Covidien (NYSE: COV) announces that a new in vivo study concluded that the Mallinckrodt™ TaperGuard™ endotracheal tube provides significant protection from microaspiration and lung damage compared to the Mallinckrodt™ Hi-Lo endotracheal tube. The findings were presented at the annual International Symposium on Intensive Care and Emergency Medicine (ISICEM) Meeting, in Brussels, Belgium.

The study—Do Endotracheal Tubes Prevent Microaspiration?—was conducted by Peter Lichtenthal, M.D., University of Arizona, Department of Anesthesiology; Ulf Borg, Respiratory and Monitoring Solutions, Covidien; and Donald Maul, Preclinical Research Services in Fort Collins, Colorado.

The study compared the Hi-Lo tube, with a barrel-shaped cuff, and the new TaperGuard tube, which features a taper-shaped cuff.

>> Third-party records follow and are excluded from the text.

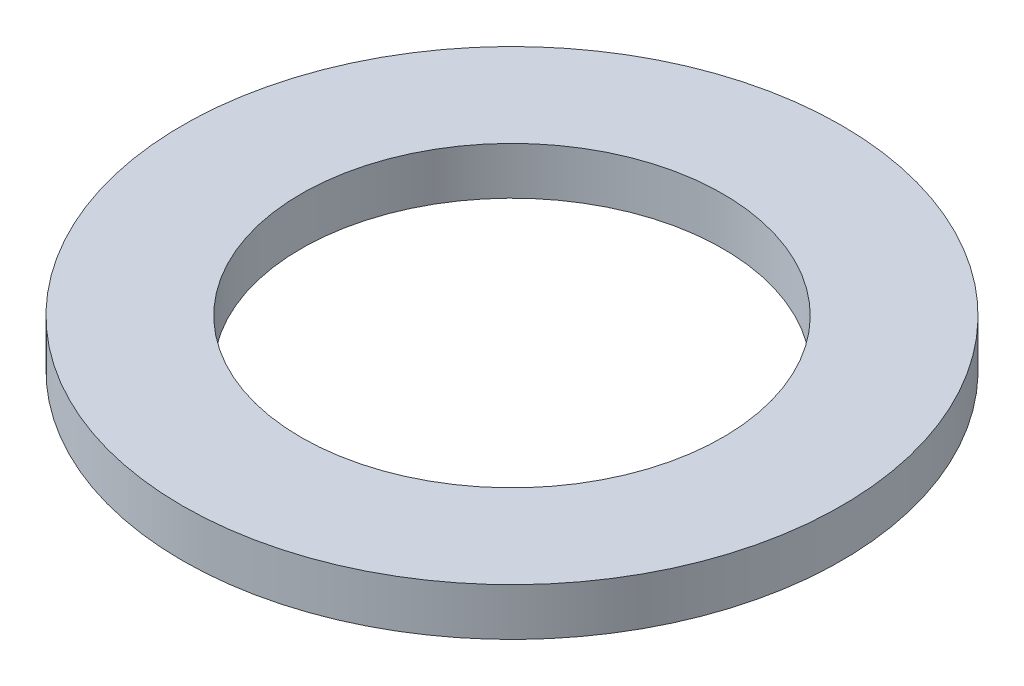
SolidWorks part; units mm, degrees
ref_plane "Front Plane" through (0, 0, 0) normal (0, 0, 1) x (1, 0, 0)
ref_plane "Top Plane" through (0, 0, 0) normal (0, 1, 0) x (1, 0, 0)
ref_plane "Right Plane" through (0, 0, 0) normal (1, 0, 0) x (0, 0, -1)
sketch "Sketch1" plane through (0, 0, 0) normal (0, 1, 0) x (1, 0, 0)
  circle A0 centre (0, 0) radius 62.5
  dimension "FLANGE_OD" = 125
extrude "Boss-Extrude1" add sketch "Sketch1" along normal blind 9
sketch "Sketch2" plane through (0, 0, 0) normal (0, 1, 0) x (1, 0, 0)
  circle A0 centre (0, 0) radius 40
  dimension "BORE_D" = 80
extrude "Cut-Extrude1" cut sketch "Sketch2" along normal through all
sketch "Sketch3" plane through (0, 9, 0) normal (0, 1, 0) x (1, 0, 0)
  circle A0 centre (0, 0) radius 24.9032 construction
  circle A1 centre (-24.9032, 0) radius 1.7844
  dimension "BOLT_D" = 3.5689
  dimension "BOLT_PCD" = 49.8065
extrude "Cut-Extrude2" cut sketch "Sketch3" against normal blind 7.8671 rebuild error yes
pattern_circular "CirPattern1" count 8 over 360 rebuild error yes

In the study, subjects were intubated prior to surgery with either the Hi-Lo or TaperGuard tubes.  Blue dye was injected above the tubes, and afterward, the subjects’ trachea and lungs were evaluated for dye leak, bronchitis, ulceration and hemorrhagic pneumonia. The researchers found that the TaperGuard tube significantly outperformed the Hi-Lo tube in reducing dye leak and bronchitis, and also offered improved, potentially clinically significant, protection in the remaining categories.

By providing a more effective fluid seal, the TaperGuard tube with its taper-shaped cuff reduces the risk of microaspiration among intubated patients. Microaspiration refers to aspiration of fluid, secretions and other materials that have leaked past the endotracheal tube cuff and into the lungs – a common problem in intubation that may lead to pulmonary complications, including ventilator-associated pneumonia (VAP) and post-operative pneumonia. 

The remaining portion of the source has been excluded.